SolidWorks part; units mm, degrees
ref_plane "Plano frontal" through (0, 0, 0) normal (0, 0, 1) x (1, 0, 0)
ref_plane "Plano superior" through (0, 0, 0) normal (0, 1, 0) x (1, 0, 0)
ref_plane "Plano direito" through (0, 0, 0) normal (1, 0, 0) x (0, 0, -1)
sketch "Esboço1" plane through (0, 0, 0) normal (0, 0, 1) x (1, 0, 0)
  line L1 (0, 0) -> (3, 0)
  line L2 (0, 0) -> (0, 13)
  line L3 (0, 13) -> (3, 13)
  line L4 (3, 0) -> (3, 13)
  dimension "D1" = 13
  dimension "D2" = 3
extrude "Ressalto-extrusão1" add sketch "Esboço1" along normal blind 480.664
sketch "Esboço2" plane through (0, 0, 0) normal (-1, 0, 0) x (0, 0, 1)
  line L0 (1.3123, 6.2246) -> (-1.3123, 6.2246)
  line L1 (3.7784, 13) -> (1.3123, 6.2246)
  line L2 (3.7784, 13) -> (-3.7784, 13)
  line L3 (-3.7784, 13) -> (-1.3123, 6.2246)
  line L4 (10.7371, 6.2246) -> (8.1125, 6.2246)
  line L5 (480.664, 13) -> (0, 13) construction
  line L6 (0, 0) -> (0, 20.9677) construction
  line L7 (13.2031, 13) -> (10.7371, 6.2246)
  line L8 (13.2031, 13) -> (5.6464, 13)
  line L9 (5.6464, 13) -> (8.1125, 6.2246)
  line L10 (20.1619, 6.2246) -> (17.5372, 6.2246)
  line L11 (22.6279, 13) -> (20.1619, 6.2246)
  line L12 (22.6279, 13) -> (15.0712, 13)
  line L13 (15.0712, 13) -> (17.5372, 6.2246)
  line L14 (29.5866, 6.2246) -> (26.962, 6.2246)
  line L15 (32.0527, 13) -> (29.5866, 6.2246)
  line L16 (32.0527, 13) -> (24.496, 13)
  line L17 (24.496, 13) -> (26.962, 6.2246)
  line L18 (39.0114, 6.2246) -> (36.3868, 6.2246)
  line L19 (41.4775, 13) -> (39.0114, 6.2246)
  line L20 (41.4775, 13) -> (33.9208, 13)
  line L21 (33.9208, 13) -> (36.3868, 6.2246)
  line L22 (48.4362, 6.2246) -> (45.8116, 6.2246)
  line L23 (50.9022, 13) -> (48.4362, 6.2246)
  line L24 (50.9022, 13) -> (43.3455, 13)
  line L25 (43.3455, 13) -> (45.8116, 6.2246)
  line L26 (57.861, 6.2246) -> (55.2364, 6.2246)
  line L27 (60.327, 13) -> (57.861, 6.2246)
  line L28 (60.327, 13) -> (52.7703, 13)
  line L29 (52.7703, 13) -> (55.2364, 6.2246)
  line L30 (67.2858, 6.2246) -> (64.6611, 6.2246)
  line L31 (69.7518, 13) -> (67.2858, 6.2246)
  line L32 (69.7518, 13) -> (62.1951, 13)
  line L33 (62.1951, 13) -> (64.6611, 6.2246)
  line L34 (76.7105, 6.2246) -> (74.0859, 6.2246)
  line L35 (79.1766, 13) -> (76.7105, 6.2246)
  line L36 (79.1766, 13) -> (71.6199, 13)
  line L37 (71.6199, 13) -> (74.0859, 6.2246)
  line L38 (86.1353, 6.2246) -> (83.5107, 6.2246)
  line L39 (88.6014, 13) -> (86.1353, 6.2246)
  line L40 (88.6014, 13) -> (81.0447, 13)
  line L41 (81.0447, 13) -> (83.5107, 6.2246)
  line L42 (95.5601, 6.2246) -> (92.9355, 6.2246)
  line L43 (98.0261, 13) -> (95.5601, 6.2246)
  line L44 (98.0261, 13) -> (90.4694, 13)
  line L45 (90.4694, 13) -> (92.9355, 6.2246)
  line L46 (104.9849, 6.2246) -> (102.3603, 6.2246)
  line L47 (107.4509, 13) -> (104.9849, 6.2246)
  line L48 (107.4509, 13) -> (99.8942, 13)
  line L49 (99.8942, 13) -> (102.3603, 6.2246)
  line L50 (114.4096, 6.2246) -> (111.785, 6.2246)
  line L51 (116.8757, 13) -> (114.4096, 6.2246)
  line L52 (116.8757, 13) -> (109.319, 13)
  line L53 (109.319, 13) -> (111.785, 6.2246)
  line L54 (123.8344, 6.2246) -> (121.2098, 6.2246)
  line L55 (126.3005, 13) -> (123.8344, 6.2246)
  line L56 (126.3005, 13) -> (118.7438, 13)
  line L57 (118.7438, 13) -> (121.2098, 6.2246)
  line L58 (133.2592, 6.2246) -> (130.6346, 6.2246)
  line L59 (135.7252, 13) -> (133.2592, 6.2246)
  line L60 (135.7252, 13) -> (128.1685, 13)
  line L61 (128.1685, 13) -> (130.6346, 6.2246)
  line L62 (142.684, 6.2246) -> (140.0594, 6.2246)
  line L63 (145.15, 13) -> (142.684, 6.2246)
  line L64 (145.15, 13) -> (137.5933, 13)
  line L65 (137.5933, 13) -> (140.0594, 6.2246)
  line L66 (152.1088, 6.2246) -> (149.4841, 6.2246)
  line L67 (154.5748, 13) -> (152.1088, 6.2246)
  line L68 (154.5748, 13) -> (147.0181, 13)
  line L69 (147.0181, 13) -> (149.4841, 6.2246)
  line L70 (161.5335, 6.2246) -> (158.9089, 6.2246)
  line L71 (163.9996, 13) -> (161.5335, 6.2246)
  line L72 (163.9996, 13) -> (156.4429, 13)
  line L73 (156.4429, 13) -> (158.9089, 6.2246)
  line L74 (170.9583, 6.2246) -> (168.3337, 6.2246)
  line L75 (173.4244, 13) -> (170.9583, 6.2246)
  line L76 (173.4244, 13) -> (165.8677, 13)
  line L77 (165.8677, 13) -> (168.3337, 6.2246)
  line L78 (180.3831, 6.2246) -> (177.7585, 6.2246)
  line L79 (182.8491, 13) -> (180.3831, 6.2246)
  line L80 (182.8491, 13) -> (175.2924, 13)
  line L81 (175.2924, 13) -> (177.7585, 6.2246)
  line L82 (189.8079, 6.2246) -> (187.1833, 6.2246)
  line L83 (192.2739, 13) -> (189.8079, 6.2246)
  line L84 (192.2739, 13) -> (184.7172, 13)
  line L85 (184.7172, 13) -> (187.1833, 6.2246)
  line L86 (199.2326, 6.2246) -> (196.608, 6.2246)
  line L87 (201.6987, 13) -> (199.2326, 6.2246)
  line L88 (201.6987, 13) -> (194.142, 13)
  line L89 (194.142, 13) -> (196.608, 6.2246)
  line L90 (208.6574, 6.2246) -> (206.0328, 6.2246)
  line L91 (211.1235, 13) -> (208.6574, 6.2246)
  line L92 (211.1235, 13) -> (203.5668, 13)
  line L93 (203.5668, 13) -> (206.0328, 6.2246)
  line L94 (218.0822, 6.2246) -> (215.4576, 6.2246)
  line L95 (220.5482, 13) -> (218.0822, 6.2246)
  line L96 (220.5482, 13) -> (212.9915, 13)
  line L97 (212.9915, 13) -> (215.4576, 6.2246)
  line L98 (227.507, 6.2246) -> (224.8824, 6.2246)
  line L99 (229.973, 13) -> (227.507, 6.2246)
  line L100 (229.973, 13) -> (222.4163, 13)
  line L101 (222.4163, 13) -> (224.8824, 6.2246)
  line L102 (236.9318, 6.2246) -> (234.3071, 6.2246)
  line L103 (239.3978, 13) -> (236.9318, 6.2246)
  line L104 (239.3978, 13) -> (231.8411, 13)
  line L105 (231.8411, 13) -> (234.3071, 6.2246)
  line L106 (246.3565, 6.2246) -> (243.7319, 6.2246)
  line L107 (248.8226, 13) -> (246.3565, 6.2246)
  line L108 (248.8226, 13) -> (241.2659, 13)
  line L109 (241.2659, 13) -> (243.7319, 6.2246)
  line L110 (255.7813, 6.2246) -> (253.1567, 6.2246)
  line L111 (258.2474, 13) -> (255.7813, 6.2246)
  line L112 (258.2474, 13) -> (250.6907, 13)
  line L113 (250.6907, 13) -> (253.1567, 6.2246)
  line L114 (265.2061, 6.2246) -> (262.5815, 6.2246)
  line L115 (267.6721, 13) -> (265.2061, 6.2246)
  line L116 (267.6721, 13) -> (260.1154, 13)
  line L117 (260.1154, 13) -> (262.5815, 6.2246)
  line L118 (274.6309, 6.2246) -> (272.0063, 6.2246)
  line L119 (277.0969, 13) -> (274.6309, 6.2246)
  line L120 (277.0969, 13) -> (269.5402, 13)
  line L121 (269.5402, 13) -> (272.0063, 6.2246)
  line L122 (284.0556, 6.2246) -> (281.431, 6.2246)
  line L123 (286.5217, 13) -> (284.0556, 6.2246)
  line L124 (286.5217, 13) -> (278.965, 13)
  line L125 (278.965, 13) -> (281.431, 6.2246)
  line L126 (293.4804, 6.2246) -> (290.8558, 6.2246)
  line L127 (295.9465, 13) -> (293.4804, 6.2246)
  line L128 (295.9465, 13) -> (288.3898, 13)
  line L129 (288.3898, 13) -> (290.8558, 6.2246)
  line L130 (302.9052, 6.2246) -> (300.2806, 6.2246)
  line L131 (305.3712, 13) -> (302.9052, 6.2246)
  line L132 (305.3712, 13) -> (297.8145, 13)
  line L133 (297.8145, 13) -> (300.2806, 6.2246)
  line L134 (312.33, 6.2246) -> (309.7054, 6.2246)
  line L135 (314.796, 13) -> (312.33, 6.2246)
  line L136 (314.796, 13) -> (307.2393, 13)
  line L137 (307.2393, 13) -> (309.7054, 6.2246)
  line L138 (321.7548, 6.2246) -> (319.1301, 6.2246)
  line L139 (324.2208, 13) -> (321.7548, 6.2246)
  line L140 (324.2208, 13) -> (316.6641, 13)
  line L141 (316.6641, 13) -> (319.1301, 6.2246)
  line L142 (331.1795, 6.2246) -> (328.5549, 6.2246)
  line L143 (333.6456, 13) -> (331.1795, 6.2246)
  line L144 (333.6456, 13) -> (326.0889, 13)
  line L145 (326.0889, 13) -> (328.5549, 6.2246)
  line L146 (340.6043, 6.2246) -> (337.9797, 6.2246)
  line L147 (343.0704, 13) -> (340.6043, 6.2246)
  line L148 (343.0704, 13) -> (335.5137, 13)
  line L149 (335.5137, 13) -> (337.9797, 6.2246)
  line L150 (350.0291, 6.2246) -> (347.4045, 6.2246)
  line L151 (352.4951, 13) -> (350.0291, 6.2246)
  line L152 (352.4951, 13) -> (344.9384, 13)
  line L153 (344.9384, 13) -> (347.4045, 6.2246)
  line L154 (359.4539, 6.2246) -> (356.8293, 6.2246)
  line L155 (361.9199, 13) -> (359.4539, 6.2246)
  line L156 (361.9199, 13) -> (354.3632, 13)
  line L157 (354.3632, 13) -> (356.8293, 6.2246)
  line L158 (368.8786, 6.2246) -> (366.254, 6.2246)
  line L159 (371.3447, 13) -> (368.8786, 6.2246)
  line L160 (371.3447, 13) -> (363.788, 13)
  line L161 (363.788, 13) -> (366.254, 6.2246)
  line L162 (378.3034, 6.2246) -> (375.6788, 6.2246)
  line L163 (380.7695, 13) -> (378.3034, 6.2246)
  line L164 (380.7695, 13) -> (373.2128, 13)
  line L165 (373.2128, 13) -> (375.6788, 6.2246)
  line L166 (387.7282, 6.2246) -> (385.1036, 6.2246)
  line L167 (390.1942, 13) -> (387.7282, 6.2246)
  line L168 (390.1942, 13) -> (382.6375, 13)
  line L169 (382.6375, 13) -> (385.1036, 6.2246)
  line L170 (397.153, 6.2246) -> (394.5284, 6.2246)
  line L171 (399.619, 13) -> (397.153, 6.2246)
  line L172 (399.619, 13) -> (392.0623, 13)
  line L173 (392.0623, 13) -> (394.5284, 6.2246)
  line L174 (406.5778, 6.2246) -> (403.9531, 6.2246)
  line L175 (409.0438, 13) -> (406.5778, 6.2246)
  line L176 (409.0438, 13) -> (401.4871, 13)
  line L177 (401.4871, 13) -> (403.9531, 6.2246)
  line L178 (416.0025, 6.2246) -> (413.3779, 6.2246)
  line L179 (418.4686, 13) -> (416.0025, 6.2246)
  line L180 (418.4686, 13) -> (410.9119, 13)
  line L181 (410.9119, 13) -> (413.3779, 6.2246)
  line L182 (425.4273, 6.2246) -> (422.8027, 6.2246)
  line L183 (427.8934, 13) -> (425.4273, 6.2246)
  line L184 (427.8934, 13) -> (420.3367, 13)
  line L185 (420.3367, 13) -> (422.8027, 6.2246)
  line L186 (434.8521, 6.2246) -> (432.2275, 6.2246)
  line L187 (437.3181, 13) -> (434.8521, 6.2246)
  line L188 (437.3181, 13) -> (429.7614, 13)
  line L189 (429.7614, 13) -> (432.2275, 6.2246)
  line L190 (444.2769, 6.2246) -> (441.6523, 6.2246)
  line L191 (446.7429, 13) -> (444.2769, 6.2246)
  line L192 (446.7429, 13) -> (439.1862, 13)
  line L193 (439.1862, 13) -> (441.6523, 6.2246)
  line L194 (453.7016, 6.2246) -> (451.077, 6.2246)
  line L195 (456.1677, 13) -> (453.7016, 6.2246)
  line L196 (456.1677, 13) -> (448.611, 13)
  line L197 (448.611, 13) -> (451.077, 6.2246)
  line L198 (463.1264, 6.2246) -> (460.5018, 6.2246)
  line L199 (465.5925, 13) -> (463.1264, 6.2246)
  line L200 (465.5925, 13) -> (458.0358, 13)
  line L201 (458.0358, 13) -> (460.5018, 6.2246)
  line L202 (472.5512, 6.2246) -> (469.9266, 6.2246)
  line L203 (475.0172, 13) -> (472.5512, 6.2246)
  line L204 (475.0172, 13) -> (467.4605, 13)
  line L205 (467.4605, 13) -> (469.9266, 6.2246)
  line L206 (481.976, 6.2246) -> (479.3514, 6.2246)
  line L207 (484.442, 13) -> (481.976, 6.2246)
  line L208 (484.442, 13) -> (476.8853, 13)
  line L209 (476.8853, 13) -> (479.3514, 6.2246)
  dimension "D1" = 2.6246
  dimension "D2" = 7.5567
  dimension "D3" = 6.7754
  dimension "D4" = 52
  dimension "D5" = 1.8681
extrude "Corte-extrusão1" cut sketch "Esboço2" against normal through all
+ + + + + + +
- **HOW TO COMPLETE THIS TASK**: With the first line being the one containing "line L4 (3, 0) -> (3, 13)" and the last line the one containing "line L1 (3.7784, 13) -> (1.3123, 6.2246)", transcribe exactly the lines above that fall in that range.

- **ANSWER TO THIS TASK**:
  line L4 (3, 0) -> (3, 13)
  dimension "D1" = 13
  dimension "D2" = 3
extrude "Ressalto-extrusão1" add sketch "Esboço1" along normal blind 480.664
sketch "Esboço2" plane through (0, 0, 0) normal (-1, 0, 0) x (0, 0, 1)
  line L0 (1.3123, 6.2246) -> (-1.3123, 6.2246)
  line L1 (3.7784, 13) -> (1.3123, 6.2246)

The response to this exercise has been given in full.